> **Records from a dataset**
== Segment start ==

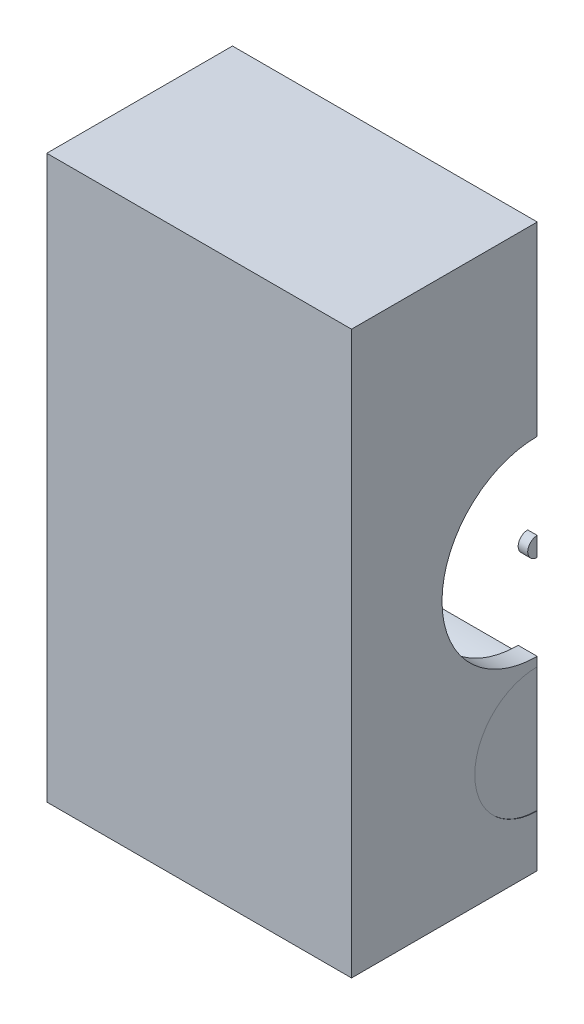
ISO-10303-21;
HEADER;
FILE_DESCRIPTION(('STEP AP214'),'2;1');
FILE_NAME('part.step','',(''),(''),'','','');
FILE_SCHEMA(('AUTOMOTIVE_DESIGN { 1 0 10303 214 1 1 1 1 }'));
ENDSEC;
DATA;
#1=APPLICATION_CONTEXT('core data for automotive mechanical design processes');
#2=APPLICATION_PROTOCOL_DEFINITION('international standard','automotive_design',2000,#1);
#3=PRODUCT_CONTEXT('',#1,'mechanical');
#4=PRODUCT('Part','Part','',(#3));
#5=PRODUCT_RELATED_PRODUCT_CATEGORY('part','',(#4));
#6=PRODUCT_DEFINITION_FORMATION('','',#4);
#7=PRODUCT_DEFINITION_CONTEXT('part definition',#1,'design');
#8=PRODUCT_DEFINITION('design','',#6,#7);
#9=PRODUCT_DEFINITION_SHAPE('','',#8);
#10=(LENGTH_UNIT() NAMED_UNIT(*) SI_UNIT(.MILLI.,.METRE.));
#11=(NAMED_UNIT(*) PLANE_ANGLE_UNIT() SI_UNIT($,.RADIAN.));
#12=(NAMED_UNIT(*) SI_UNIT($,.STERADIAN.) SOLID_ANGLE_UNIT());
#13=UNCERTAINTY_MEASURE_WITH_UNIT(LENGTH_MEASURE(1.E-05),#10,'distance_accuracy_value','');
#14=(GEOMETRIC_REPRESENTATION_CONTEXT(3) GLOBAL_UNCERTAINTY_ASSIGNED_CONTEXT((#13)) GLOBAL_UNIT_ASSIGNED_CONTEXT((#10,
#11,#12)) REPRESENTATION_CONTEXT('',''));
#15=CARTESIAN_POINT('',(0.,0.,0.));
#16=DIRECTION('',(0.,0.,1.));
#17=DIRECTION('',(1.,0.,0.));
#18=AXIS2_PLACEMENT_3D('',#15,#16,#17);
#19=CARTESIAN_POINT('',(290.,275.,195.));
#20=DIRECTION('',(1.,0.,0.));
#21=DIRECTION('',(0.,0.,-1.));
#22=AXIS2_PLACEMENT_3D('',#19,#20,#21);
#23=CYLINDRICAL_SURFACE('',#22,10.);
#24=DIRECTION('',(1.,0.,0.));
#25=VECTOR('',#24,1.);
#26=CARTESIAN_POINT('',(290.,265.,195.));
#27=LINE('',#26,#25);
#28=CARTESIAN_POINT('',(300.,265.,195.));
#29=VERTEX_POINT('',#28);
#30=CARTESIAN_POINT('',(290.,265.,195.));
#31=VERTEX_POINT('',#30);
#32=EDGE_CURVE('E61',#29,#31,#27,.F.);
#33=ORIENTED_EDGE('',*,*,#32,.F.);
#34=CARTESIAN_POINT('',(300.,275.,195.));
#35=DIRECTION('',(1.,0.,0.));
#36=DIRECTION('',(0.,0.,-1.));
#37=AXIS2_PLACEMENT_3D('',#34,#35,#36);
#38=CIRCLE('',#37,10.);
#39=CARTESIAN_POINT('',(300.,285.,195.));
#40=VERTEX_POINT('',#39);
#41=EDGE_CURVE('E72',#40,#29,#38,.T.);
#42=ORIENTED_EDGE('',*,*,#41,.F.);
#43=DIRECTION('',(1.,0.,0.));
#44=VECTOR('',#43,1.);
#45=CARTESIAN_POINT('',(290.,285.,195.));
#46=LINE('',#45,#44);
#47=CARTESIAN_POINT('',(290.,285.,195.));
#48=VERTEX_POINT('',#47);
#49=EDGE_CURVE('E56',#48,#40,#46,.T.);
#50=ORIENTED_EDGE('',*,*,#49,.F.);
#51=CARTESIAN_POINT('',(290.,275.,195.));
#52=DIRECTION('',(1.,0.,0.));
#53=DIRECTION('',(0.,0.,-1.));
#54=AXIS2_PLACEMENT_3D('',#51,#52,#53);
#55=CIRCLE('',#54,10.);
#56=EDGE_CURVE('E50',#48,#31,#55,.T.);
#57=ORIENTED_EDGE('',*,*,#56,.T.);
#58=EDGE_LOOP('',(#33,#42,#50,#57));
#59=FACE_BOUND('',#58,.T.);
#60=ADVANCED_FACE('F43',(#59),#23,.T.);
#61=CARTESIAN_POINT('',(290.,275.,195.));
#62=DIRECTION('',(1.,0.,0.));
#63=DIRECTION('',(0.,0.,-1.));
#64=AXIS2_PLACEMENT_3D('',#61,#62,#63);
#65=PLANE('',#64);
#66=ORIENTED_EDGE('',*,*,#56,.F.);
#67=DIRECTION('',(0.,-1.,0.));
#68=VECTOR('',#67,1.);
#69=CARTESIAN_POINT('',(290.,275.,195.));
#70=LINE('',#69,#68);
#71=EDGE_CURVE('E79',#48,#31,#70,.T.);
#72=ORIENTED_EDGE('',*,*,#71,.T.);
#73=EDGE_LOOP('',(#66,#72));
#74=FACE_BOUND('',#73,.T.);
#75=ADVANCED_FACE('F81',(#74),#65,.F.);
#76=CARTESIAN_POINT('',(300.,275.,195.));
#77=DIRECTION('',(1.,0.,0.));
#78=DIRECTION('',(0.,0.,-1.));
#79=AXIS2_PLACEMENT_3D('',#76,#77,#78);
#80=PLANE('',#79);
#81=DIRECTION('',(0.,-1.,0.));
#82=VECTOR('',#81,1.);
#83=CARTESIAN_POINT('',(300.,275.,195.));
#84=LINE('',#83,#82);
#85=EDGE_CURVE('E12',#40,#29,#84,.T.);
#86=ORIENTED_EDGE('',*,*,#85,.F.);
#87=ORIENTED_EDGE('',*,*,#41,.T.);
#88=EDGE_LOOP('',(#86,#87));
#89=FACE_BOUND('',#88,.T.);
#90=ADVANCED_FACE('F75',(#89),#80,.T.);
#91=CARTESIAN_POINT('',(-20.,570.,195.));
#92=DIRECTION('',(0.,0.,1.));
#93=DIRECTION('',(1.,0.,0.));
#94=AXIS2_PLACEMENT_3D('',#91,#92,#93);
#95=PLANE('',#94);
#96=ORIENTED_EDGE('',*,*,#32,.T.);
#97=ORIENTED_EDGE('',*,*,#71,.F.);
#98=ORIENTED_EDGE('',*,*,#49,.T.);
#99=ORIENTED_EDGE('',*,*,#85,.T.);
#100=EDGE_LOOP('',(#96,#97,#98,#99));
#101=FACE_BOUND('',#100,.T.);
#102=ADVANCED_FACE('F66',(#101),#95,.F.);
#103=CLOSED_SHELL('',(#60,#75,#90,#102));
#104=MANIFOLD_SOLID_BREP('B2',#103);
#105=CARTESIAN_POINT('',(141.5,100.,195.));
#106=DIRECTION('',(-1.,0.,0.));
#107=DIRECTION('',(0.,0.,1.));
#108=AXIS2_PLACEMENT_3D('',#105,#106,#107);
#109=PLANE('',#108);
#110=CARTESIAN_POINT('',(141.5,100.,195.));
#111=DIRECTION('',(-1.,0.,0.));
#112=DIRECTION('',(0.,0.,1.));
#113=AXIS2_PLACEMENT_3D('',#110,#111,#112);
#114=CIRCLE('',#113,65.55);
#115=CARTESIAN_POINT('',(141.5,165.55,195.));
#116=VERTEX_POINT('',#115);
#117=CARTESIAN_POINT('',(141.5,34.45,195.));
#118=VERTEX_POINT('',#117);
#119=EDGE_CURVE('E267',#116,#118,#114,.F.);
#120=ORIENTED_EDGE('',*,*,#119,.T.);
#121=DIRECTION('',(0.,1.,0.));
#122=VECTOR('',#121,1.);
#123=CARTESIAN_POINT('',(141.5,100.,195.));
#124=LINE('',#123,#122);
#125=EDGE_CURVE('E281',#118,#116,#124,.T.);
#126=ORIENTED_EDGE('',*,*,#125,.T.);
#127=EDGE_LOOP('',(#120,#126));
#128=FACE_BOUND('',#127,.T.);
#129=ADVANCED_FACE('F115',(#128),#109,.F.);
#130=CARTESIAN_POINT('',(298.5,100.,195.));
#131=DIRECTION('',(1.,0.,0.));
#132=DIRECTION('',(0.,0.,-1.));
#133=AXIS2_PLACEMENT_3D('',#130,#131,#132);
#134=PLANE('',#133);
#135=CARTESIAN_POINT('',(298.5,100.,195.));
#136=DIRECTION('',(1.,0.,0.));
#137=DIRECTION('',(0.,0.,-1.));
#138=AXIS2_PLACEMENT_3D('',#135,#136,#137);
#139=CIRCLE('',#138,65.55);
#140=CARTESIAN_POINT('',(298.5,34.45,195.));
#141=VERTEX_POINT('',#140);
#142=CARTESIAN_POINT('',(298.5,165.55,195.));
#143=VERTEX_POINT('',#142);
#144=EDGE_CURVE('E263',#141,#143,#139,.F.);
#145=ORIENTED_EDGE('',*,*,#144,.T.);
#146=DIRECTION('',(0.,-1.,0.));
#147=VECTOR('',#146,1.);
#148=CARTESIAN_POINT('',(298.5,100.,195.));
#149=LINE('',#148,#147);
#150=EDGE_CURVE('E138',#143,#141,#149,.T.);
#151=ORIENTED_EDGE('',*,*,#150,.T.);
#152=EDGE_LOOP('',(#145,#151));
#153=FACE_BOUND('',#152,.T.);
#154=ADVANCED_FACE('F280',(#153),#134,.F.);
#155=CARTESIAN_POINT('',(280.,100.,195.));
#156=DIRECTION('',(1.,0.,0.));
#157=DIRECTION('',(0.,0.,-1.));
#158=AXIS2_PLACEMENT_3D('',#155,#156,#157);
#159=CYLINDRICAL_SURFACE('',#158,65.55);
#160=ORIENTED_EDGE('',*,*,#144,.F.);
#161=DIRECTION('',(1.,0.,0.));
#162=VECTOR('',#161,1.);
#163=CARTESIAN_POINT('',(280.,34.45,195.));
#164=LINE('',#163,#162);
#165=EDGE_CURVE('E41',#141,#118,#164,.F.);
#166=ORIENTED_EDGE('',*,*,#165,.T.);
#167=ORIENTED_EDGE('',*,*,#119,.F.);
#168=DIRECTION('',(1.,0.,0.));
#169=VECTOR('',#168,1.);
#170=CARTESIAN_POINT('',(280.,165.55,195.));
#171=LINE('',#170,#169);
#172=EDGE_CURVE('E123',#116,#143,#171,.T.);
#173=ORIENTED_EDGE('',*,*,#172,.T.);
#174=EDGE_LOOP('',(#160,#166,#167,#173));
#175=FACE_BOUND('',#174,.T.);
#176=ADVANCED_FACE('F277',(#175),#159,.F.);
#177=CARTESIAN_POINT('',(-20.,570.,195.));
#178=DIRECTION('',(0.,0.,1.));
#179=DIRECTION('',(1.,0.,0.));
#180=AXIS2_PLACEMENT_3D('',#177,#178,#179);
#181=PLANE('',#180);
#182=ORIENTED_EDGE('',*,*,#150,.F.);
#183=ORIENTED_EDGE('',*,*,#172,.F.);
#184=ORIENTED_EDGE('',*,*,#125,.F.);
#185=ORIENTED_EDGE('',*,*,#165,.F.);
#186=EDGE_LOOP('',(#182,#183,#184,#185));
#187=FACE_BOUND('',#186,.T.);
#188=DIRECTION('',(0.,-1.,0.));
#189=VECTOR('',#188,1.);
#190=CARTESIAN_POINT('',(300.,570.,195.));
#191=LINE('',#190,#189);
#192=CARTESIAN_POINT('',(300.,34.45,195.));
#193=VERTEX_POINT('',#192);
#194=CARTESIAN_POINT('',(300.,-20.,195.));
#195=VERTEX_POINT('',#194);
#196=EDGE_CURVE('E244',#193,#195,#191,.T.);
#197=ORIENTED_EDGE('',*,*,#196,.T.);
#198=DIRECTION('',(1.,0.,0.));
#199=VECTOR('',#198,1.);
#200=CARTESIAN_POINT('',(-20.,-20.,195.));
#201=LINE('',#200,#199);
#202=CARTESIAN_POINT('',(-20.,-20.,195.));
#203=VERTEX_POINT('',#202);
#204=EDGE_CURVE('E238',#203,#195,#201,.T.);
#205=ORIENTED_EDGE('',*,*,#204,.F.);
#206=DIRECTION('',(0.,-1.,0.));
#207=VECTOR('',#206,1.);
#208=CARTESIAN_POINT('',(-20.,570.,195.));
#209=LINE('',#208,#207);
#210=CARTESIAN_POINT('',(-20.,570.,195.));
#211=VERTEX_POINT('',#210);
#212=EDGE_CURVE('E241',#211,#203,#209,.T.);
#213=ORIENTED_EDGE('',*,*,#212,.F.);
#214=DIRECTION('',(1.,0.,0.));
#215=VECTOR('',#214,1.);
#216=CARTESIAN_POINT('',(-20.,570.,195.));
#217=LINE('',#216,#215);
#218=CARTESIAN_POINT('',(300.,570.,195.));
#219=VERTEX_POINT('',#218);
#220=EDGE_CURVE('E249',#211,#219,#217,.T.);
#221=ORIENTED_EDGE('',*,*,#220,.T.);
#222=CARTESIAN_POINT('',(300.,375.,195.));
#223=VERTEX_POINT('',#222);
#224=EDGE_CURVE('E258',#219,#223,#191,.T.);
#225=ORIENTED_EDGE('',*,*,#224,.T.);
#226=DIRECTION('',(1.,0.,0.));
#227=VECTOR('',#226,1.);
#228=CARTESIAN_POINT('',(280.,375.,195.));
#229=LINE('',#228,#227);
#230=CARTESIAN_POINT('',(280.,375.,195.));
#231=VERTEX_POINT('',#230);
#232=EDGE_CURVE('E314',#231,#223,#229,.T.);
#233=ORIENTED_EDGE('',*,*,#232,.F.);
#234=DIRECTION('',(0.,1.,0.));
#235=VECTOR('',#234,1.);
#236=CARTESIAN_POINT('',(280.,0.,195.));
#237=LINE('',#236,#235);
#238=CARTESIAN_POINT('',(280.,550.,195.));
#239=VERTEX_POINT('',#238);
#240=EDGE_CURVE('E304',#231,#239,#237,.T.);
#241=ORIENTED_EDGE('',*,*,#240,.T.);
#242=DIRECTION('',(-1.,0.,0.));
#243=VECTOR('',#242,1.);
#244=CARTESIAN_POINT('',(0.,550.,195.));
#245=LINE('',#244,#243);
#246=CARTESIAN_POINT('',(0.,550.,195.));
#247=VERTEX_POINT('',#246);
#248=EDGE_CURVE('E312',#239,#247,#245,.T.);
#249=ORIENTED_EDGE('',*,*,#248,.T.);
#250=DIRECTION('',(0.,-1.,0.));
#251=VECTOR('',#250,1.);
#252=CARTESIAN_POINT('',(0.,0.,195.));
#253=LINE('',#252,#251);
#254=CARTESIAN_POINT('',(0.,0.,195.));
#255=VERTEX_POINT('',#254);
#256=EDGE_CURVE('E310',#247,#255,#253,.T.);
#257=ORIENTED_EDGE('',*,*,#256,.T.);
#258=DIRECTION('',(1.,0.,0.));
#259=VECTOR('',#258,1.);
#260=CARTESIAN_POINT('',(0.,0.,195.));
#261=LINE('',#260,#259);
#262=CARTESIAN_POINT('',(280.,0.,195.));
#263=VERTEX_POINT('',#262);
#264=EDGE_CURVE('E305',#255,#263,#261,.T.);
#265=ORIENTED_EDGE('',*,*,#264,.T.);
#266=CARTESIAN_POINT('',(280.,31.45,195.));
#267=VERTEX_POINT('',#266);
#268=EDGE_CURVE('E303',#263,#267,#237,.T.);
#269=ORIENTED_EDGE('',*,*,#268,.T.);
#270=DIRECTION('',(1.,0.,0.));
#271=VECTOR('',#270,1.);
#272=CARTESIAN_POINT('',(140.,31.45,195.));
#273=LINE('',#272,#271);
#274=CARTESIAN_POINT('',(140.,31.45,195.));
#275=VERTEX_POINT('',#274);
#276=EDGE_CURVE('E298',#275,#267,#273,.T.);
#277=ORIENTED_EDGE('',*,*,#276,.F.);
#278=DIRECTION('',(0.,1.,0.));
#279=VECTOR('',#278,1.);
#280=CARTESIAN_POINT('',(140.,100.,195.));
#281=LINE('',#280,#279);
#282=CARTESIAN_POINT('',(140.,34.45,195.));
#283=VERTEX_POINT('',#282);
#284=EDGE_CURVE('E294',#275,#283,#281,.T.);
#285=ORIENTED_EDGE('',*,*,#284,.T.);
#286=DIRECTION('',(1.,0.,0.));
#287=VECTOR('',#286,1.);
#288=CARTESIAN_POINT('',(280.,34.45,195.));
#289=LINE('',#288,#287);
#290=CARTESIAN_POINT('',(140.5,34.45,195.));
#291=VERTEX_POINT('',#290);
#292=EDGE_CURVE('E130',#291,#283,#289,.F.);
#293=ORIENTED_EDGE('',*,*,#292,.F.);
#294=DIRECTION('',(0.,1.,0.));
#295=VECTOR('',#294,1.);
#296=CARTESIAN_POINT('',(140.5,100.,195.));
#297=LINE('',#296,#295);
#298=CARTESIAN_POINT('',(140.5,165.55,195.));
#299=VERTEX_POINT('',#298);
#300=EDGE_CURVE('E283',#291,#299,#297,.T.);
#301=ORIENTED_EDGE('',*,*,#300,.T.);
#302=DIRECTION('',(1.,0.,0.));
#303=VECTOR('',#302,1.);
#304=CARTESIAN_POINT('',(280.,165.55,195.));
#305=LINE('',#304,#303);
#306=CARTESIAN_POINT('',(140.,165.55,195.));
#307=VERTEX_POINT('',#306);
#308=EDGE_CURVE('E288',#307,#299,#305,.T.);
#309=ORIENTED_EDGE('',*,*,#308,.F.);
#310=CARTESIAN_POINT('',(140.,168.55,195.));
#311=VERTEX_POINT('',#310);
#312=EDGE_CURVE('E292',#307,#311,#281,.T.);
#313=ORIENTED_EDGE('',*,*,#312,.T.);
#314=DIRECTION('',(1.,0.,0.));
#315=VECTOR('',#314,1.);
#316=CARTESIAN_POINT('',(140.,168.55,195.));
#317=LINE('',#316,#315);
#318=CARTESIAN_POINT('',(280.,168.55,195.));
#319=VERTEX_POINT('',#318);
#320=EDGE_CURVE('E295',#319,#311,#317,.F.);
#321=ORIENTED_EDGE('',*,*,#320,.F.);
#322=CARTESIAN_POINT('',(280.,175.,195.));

== Segment end ==

> **TASK TO COMPLETE**
Beginning at the line above with "#114=CIRCLE('',#113,65.55);" and finishing at the line with "#163=CARTESIAN_POINT('',(280.,34.45,195.));", return each line exactly and return nothing else.

> **SOLUTION FOR THIS TASK**
#114=CIRCLE('',#113,65.55);
#115=CARTESIAN_POINT('',(141.5,165.55,195.));
#116=VERTEX_POINT('',#115);
#117=CARTESIAN_POINT('',(141.5,34.45,195.));
#118=VERTEX_POINT('',#117);
#119=EDGE_CURVE('E267',#116,#118,#114,.F.);
#120=ORIENTED_EDGE('',*,*,#119,.T.);
#121=DIRECTION('',(0.,1.,0.));
#122=VECTOR('',#121,1.);
#123=CARTESIAN_POINT('',(141.5,100.,195.));
#124=LINE('',#123,#122);
#125=EDGE_CURVE('E281',#118,#116,#124,.T.);
#126=ORIENTED_EDGE('',*,*,#125,.T.);
#127=EDGE_LOOP('',(#120,#126));
#128=FACE_BOUND('',#127,.T.);
#129=ADVANCED_FACE('F115',(#128),#109,.F.);
#130=CARTESIAN_POINT('',(298.5,100.,195.));
#131=DIRECTION('',(1.,0.,0.));
#132=DIRECTION('',(0.,0.,-1.));
#133=AXIS2_PLACEMENT_3D('',#130,#131,#132);
#134=PLANE('',#133);
#135=CARTESIAN_POINT('',(298.5,100.,195.));
#136=DIRECTION('',(1.,0.,0.));
#137=DIRECTION('',(0.,0.,-1.));
#138=AXIS2_PLACEMENT_3D('',#135,#136,#137);
#139=CIRCLE('',#138,65.55);
#140=CARTESIAN_POINT('',(298.5,34.45,195.));
#141=VERTEX_POINT('',#140);
#142=CARTESIAN_POINT('',(298.5,165.55,195.));
#143=VERTEX_POINT('',#142);
#144=EDGE_CURVE('E263',#141,#143,#139,.F.);
#145=ORIENTED_EDGE('',*,*,#144,.T.);
#146=DIRECTION('',(0.,-1.,0.));
#147=VECTOR('',#146,1.);
#148=CARTESIAN_POINT('',(298.5,100.,195.));
#149=LINE('',#148,#147);
#150=EDGE_CURVE('E138',#143,#141,#149,.T.);
#151=ORIENTED_EDGE('',*,*,#150,.T.);
#152=EDGE_LOOP('',(#145,#151));
#153=FACE_BOUND('',#152,.T.);
#154=ADVANCED_FACE('F280',(#153),#134,.F.);
#155=CARTESIAN_POINT('',(280.,100.,195.));
#156=DIRECTION('',(1.,0.,0.));
#157=DIRECTION('',(0.,0.,-1.));
#158=AXIS2_PLACEMENT_3D('',#155,#156,#157);
#159=CYLINDRICAL_SURFACE('',#158,65.55);
#160=ORIENTED_EDGE('',*,*,#144,.F.);
#161=DIRECTION('',(1.,0.,0.));
#162=VECTOR('',#161,1.);
#163=CARTESIAN_POINT('',(280.,34.45,195.));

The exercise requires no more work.